Pizarro kurz vor Rückkehr ins Mannschaftstraining

Thomas Schaaf beschäftigte sich auch in der zweiten Trainingseinheit nach dem Ausscheiden im DFB-Pokal noch mit den Gründen dafür.
Profis
Montag, 01.08.2011 // 18:45 Uhr

Warum passierte das im ersten Pokalspiel? Wo sind die vielen positiven Aspekte aus der Vorbereitung geblieben? Wieso konnten wir nach dem verschossenen Elfmeter nicht mehr nachlegen? Diese und weitere Fragen beschäftigten Werder-Coach Thomas Schaaf auch noch am zweiten Tag nach dem Pokal-Aus beim Drittligisten Heidenheim.

„Wir müssen sehen, dass wir wieder Struktur hinein bekommen, uns spielerisch verbessern, die Zweikämpfe mehr annehmen und vor allem die vielen positiven Aspekte, die wir zuvor gezeigt haben, wieder in den Vordergrund stellen", äußerte sich Schaaf nach Ende des Nachmittagstrainings am Montag.
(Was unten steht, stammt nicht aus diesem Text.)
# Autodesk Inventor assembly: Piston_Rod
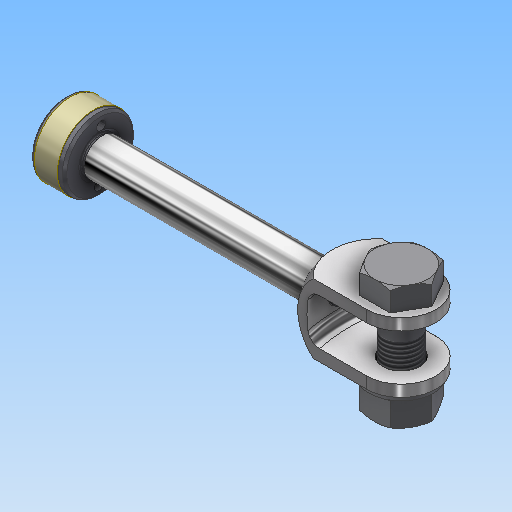
[picture p0: Inventor's stored thumbnail of the model, 512x512]
Saved by Autodesk Inventor 2020.1 (Build 241239000, 239)
## iProperties
Created: 2003-05-03
Part Number: Piston_Rod
Document SubType Name: Assembly
Designer: Stephen Hooper
Manufacturer: Standard
Standards Organization: Custom
Control State: 0
Master: False
Checked Out: False
Shininess: 64.0
Length Units: 11269
Angle Units: 11279
Time Units: 11290
Mass Units: 11283
Length Display Precision: 3
Angle Display Precision: 2
Compacted: True
Density: 0.0
Volumn: 0.0
Area: 0.0
PropertySet Name: Model Information
Author: Stephen Hooper
## Documents named in this file (8)
- C:\Users\thomastremblay\Desktop\Inventor ACP Data\Assemblies\Piston_Rod.iam
- C:\Users\thomastremblay\Desktop\Inventor ACP Data\Parts\Piston_Rod.ipt
- C:\Users\thomastremblay\Desktop\Inventor ACP Data\Parts\Piston_Plunger.ipt
- C:\Users\thomastremblay\Desktop\Inventor ACP Data\Parts\Plunger_Seal.ipt
- C:\Users\thomastremblay\Desktop\Inventor ACP Data\Parts\Piston_Connector.ipt
- C:\Users\thomastremblay\Desktop\Inventor ACP Data\Content Center\local.BSI.47.140.5.ipt
- C:\Users\thomastremblay\Desktop\Inventor ACP Data\Content Center\local.BSI.30.190.5.ipt
- C:\Users\thomastremblay\Desktop\Inventor ACP Data\Content Center\local.BSI.6.3030.5.ipt
## Components (7 placed, 7 different names)
1. Piston_Rod:1 — Mate:3, Mate:4, Mate:5, Mate:6
2. Piston_Plunger:1 — Mate:1, Mate:2, Mate:3, Mate:6
3. Plunger_Seal:1 — Mate:1, Mate:2
4. Piston_Connector:2 — Mate:4, Mate:5, Insert:1, Insert:2
5. BS 3692  Hexagon Head Screw  (Regular Thread - Metric) M30 x 90:1 — Insert:1
6. BS 4320  Form E M30 (Form E):1 — Insert:2, Insert:3
7. BS 3692  (Regular Thread - Metric) M30:1 — Insert:3
## Relationships (9: Mate 6, Insert 3)
- Mate:1: Piston_Plunger:1 ↔ Plunger_Seal:1
- Mate:2: Piston_Plunger:1 ↔ Plunger_Seal:1
- Mate:3: Piston_Rod:1 ↔ Piston_Plunger:1
- Mate:4: Piston_Rod:1 ↔ Piston_Connector:2
- Mate:5: Piston_Rod:1 ↔ Piston_Connector:2
- Insert:1: Piston_Connector:2 ↔ BS 3692  Hexagon Head Screw  (Regular Thread - Metric) M30 x 90:1
- Insert:2: Piston_Connector:2 ↔ BS 4320  Form E M30 (Form E):1
- Insert:3: BS 4320  Form E M30 (Form E):1 ↔ BS 3692  (Regular Thread - Metric) M30:1
- Mate:6: Piston_Rod:1 ↔ Piston_Plunger:1
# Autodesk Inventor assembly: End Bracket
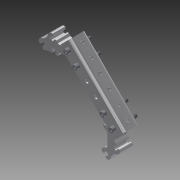
[picture p0: Inventor's stored thumbnail of the model, 180x180]
Saved by Autodesk Inventor 2014 (Build 180170000, 170)
## iProperties
Created: 2015-01-20
Part Number: End Bracket
Document SubType Name: Assembly
Designer: chappelled
Author: chappelled
## Documents named in this file (4)
- C:\Users\chappelled\Documents\Inventor\Claw\End Bracket.iam
- C:\Users\chappelled\Documents\Inventor\Claw\DBK_CornerConnect_am-0212.ipt
- C:\Users\chappelled\Documents\Inventor\Claw\DBK_C-Channel_6.ipt
- C:\Users\chappelled\Documents\Inventor\Claw\End Bracket\Design Accelerator\Bolted Connection1.iam
## Components (4 placed, 3 different names)
1. DBK_CornerConnect_am-0212:1 — Mate:1, Mate:5, Mate:6
2. DBK_CornerConnect_am-0212:2 — Mate:2, Mate:3, Mate:4
3. DBK_C-Channel_6:1 — Mate:1, Mate:2, Mate:3, Mate:4, Mate:5, Mate:6, Mate:7, Mate:8
4. Bolted Connection:1 [sub-assembly] — Mate:7, Mate:8
## Relationships (8: Mate 8)
- Mate:1: DBK_CornerConnect_am-0212:1 ↔ DBK_C-Channel_6:1
- Mate:2: DBK_CornerConnect_am-0212:2 ↔ DBK_C-Channel_6:1
- Mate:3: DBK_CornerConnect_am-0212:2 ↔ DBK_C-Channel_6:1
- Mate:4: DBK_CornerConnect_am-0212:2 ↔ DBK_C-Channel_6:1
- Mate:5: DBK_CornerConnect_am-0212:1 ↔ DBK_C-Channel_6:1
- Mate:6: DBK_CornerConnect_am-0212:1 ↔ DBK_C-Channel_6:1
- Mate:7: DBK_C-Channel_6:1 ↔ Bolted Connection:1
- Mate:8: DBK_C-Channel_6:1 ↔ Bolted Connection:1

Stürmer Claudio Pizarro könnte ohne Zweifel zu einer besseren Situation beitragen. „Ich fühle mich gut. Ich bin zwar etwas müde, weil ich viel trainiert habe, aber das geht schon. Beim Dribbeln und Passen habe ich keine Probleme, das Schießen und die 1-gegen-1-Situationen gehen dagegen noch nicht. In drei bis vier Tagen kann ich eventuell wieder mit der Mannschaft trainieren", sieht sich der Peruaner auf einem guten Weg.

Clemens Fritz stand zwar auf dem Trainingsgelände und absolvierte ein Lauftraining, doch ohne eine Verbesserung an der schmerzenden Achillessehne zu verspüren. „Sie ist von einem elastischen Schlauch umgeben, welcher verklebt ist. Für das Spiel gegen Everton wird es eng", glaubt der Rechtsverteidiger weniger an einen Einsatz gegen den englischen Premier-League-Klub.

Gänzlich der Trainingseinheit fern blieb dagegen Tim Borowski. „Boro hat Knöchelprobleme. Er ist für Everton keine Option", schloss Schaaf einen Einsatz für Werders Mittelfeldspieler aus.

Lange nicht mehr auf dem Trainingsplatz am Weser-Stadion zu Gast war Onur Ayik. Im Februar dieses Jahres zog sich das Werder-Talent einen Kreuz- und Innenbandriss im Knie zu, was eine lange Zwangspause zur Folge hatte. Im Sporthep-Rehazentrum standen seither primär Krafttraining und Stabilisationsübungen auf der Tagesordnung. Erstmals absolvierte Ayik eine individuelle Trainingseinheit auf dem Platz.